On Creation: Gendered Connection to God — Genevieve Grade

This past summer, I went on a C.S. Lewis kick. Naturally, I started by re-reading his Narnia series, and after that I put some of his religious writings on hold at the Madison public library. I would pick up one of his books after my work shift, then walk back to my house and attempt to absorb the text while swaying in my porch hammock. It was my first time seriously reading any Christian scholarship besides the Bible itself, and I fell asleep with a book open more than once. But over the course of three very hot months, I learned a great deal about the way Lewis thinks about God, and much of his writing has given me a new perspective on not only my faith, but also my personal relationship with gender.

For years, I shied away from religious explanations of human capacity for evil – the age-old question of theodicy, “why God lets bad things happen” – that cited original sin or divine punishment. Lewis’s essay “Divine Omnipotence” offers a different narrative, one much easier for me to trust in spiritually. He argues that if God intervened to prevent human destruction or harm, our world “would be one in which wrong actions were impossible, and in which, therefore, freedom of the will would be void.” In other words, God gifts humanity with self-determination, which means that our ability to dictate our lives and actions is crucial to who we are. God suffers with us when the consequences of human actions cause destruction or pain. For Him to stop them, however, would make us something other than human.
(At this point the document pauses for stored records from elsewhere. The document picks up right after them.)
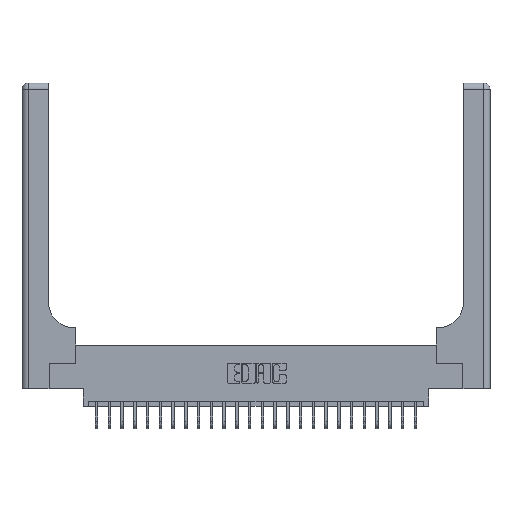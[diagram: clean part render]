
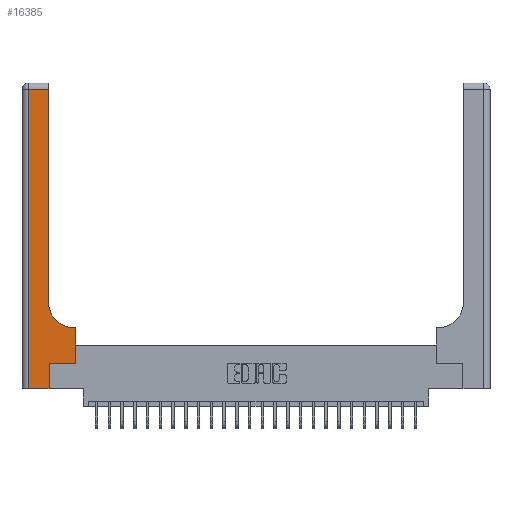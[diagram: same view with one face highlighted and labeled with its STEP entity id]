
A CAD part, top view. The second image highlights one B-rep face of the part: STEP entity #16385.
In plain terms, the highlighted planar face has unit normal (0, 0, 1).
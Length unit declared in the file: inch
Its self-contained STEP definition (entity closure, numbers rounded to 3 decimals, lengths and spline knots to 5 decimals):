
#360 = ORIENTED_EDGE ( 'NONE', *, *, #14227, .T. ) ;
#688 = VERTEX_POINT ( 'NONE', #5663 ) ;
#910 = VERTEX_POINT ( 'NONE', #20855 ) ;
#1364 = VECTOR ( 'NONE', #20216, 39.37008 ) ;
#1814 = VERTEX_POINT ( 'NONE', #12367 ) ;
#1941 = LINE ( 'NONE', #14614, #16937 ) ;
#2690 = VERTEX_POINT ( 'NONE', #14530 ) ;
#2887 = VERTEX_POINT ( 'NONE', #24215 ) ;
#2933 = ORIENTED_EDGE ( 'NONE', *, *, #25778, .T. ) ;
#3473 = ORIENTED_EDGE ( 'NONE', *, *, #20108, .T. ) ;
#3630 = DIRECTION ( 'NONE',  ( -1., 0., 0. ) ) ;
#3696 = AXIS2_PLACEMENT_3D ( 'NONE', #14170, #15990, #7693 ) ;
#3779 = DIRECTION ( 'NONE',  ( 1., 0., 0. ) ) ;
#4570 = VERTEX_POINT ( 'NONE', #19227 ) ;
#4572 = DIRECTION ( 'NONE',  ( -1., 0., 0. ) ) ;
#4640 = EDGE_CURVE ( 'NONE', #13111, #2690, #6276, .T. ) ;
#4890 = LINE ( 'NONE', #14253, #1364 ) ;
#5019 = CARTESIAN_POINT ( 'NONE',  ( 0.51, 0.6, 0.37 ) ) ;
#5290 = ORIENTED_EDGE ( 'NONE', *, *, #13358, .T. ) ;
#5659 = FACE_OUTER_BOUND ( 'NONE', #22719, .T. ) ;
#5663 = CARTESIAN_POINT ( 'NONE',  ( 0.26, 2.94, 0.37 ) ) ;
#6193 = DIRECTION ( 'NONE',  ( 0., 1., 0. ) ) ;
#6276 = CIRCLE ( 'NONE', #3696, 0.25 ) ;
#6412 = CARTESIAN_POINT ( 'NONE',  ( 0.26, 0.6, 0.37 ) ) ;
#6426 = VECTOR ( 'NONE', #13500, 39.37008 ) ;
#6822 = EDGE_CURVE ( 'NONE', #1814, #22662, #23934, .T. ) ;
#6917 = LINE ( 'NONE', #6412, #10455 ) ;
#7693 = DIRECTION ( 'NONE',  ( 1., 0., 0. ) ) ;
#8511 = CARTESIAN_POINT ( 'NONE',  ( 0.528, 0.25, 0.37 ) ) ;
#9794 = ORIENTED_EDGE ( 'NONE', *, *, #12837, .T. ) ;
#9800 = VECTOR ( 'NONE', #3779, 39.37008 ) ;
#9833 = EDGE_CURVE ( 'NONE', #22662, #4570, #13968, .T. ) ;
#10455 = VECTOR ( 'NONE', #4572, 39.37008 ) ;
#11375 = DIRECTION ( 'NONE',  ( -1., 0., 0. ) ) ;
#11464 = LINE ( 'NONE', #18402, #21591 ) ;
#11517 = LINE ( 'NONE', #13272, #19751 ) ;
#12367 = CARTESIAN_POINT ( 'NONE',  ( 0.06, 2.94, 0.37 ) ) ;
#12837 = EDGE_CURVE ( 'NONE', #2887, #19441, #4890, .T. ) ;
#13111 = VERTEX_POINT ( 'NONE', #5019 ) ;
#13174 = LINE ( 'NONE', #17805, #6426 ) ;
#13272 = CARTESIAN_POINT ( 'NONE',  ( 0., 2.94, 0.37 ) ) ;
#13358 = EDGE_CURVE ( 'NONE', #4570, #2887, #13174, .T. ) ;
#13500 = DIRECTION ( 'NONE',  ( 0., 1., 0. ) ) ;
#13968 = LINE ( 'NONE', #15956, #9800 ) ;
#14170 = CARTESIAN_POINT ( 'NONE',  ( 0.51, 0.85, 0.37 ) ) ;
#14227 = EDGE_CURVE ( 'NONE', #19441, #910, #1941, .T. ) ;
#14235 = DIRECTION ( 'NONE',  ( 0., -1., 0. ) ) ;
#14253 = CARTESIAN_POINT ( 'NONE',  ( 0.265, 0.25, 0.37 ) ) ;
#14530 = CARTESIAN_POINT ( 'NONE',  ( 0.26, 0.85, 0.37 ) ) ;
#14614 = CARTESIAN_POINT ( 'NONE',  ( 0.528, 0.25, 0.37 ) ) ;
#14705 = DIRECTION ( 'NONE',  ( 0., 1., 0. ) ) ;
#15218 = EDGE_CURVE ( 'NONE', #2690, #688, #11464, .T. ) ;
#15956 = CARTESIAN_POINT ( 'NONE',  ( 0., 0., 0.37 ) ) ;
#15990 = DIRECTION ( 'NONE',  ( 0., 0., -1. ) ) ;
#16385 = ADVANCED_FACE ( 'NONE', ( #5659 ), #19358, .F. ) ;
#16937 = VECTOR ( 'NONE', #14705, 39.37008 ) ;
#17425 = DIRECTION ( 'NONE',  ( 0., 0., -1. ) ) ;
#17805 = CARTESIAN_POINT ( 'NONE',  ( 0.265, 0., 0.37 ) ) ;
#18402 = CARTESIAN_POINT ( 'NONE',  ( 0.26, 3., 0.37 ) ) ;
#19227 = CARTESIAN_POINT ( 'NONE',  ( 0.265, 0., 0.37 ) ) ;
#19358 = PLANE ( 'NONE',  #20993 ) ;
#19441 = VERTEX_POINT ( 'NONE', #8511 ) ;
#19514 = ORIENTED_EDGE ( 'NONE', *, *, #4640, .T. ) ;
#19751 = VECTOR ( 'NONE', #3630, 39.37008 ) ;
#20108 = EDGE_CURVE ( 'NONE', #910, #13111, #6917, .T. ) ;
#20216 = DIRECTION ( 'NONE',  ( 1., 0., 0. ) ) ;
#20855 = CARTESIAN_POINT ( 'NONE',  ( 0.528, 0.6, 0.37 ) ) ;
#20993 = AXIS2_PLACEMENT_3D ( 'NONE', #23312, #17425, #11375 ) ;
#21591 = VECTOR ( 'NONE', #6193, 39.37008 ) ;
#21651 = ORIENTED_EDGE ( 'NONE', *, *, #9833, .T. ) ;
#22226 = CARTESIAN_POINT ( 'NONE',  ( 0.06, 3., 0.37 ) ) ;
#22662 = VERTEX_POINT ( 'NONE', #23961 ) ;
#22719 = EDGE_LOOP ( 'NONE', ( #23516, #2933, #25377, #21651, #5290, #9794, #360, #3473, #19514 ) ) ;
#23312 = CARTESIAN_POINT ( 'NONE',  ( 0., 3., 0.37 ) ) ;
#23516 = ORIENTED_EDGE ( 'NONE', *, *, #15218, .T. ) ;
#23934 = LINE ( 'NONE', #22226, #25808 ) ;
#23961 = CARTESIAN_POINT ( 'NONE',  ( 0.06, 0., 0.37 ) ) ;
#24215 = CARTESIAN_POINT ( 'NONE',  ( 0.265, 0.25, 0.37 ) ) ;
#25377 = ORIENTED_EDGE ( 'NONE', *, *, #6822, .T. ) ;
#25778 = EDGE_CURVE ( 'NONE', #688, #1814, #11517, .T. ) ;
#25808 = VECTOR ( 'NONE', #14235, 39.37008 ) ;

Considering human capacity for destruction as part of a gift from God isn’t exactly a cheery thought. But Lewis’s work did prompt me to consider the lighter side of God’s self-determination coin: human capacity for creation and change is also necessarily a gift from God. Instead of giving me glazed and decorated ceramic mugs, God gives me clay and tools and the ability to throw on a pottery wheel. He doesn’t cook my meals; he gives me ingredients and pots and pans. Of course, God is with me as I myself do each of these things, and He could do any one of them for me. But He doesn’t, and I believe this is because cooking and throwing pottery, writing essays and making music not only bring me great joy – they make me human.

Is this a more mundane revelation than the rejection of original sin in favor of free will? Not to me, at least not right now. As I have begun gender transition, it has instead been vital to forming a new kind of connection to God. I grew up in religious communities that were very proud to have both men and women serve as pastors and communion acolytes, which meant that the way that gender influenced religious experience was hard to define. But it was present in the women’s Bible study groups and Sunday school classes that focused on the strength and devotion of New Testament characters like the Virgin Mary and Mary Magdalene. Church sermons, too, put biblical teachings in the context of how best to live out God’s will today – often, it seemed to me, specifically as a man or woman.

Far from coming to any conclusion that the influence of gender upon religious experience is wrong or should be avoided, growing up in these congregations left me wishing for a way to access God in a similar manner, despite waning personal interest in Biblical direction on how to live as a woman. As I began to socially and physically transition, I wondered more than once why God, with all of His divine omnipotence, would ask such a thing of anyone at all instead of simply giving me a body more suited to myself. My answer now lies in framing transition as an act of creation. The happiness and spiritual fulfillment that lies within changing my body and presentation is a way I live out God’s gift of self-determination.

Of course, C.S. Lewis wrote very little about these topics. But I also read a novel last summer called Something That May Shock and Discredit You by Daniel Lavery, and I found within it a succinct way of putting my own relationship between gender and religious connection. Lavery writes that transgender people exist in the world “for the same reason God made wheat but not bread and fruit but not wine, so that humanity might share in the act of creation,”only half tongue-in-cheek. Humanity does create, just as it destroys, and both qualities are divine gifts. For me, my own hand in the formation of my body and gender has brought me closer to God.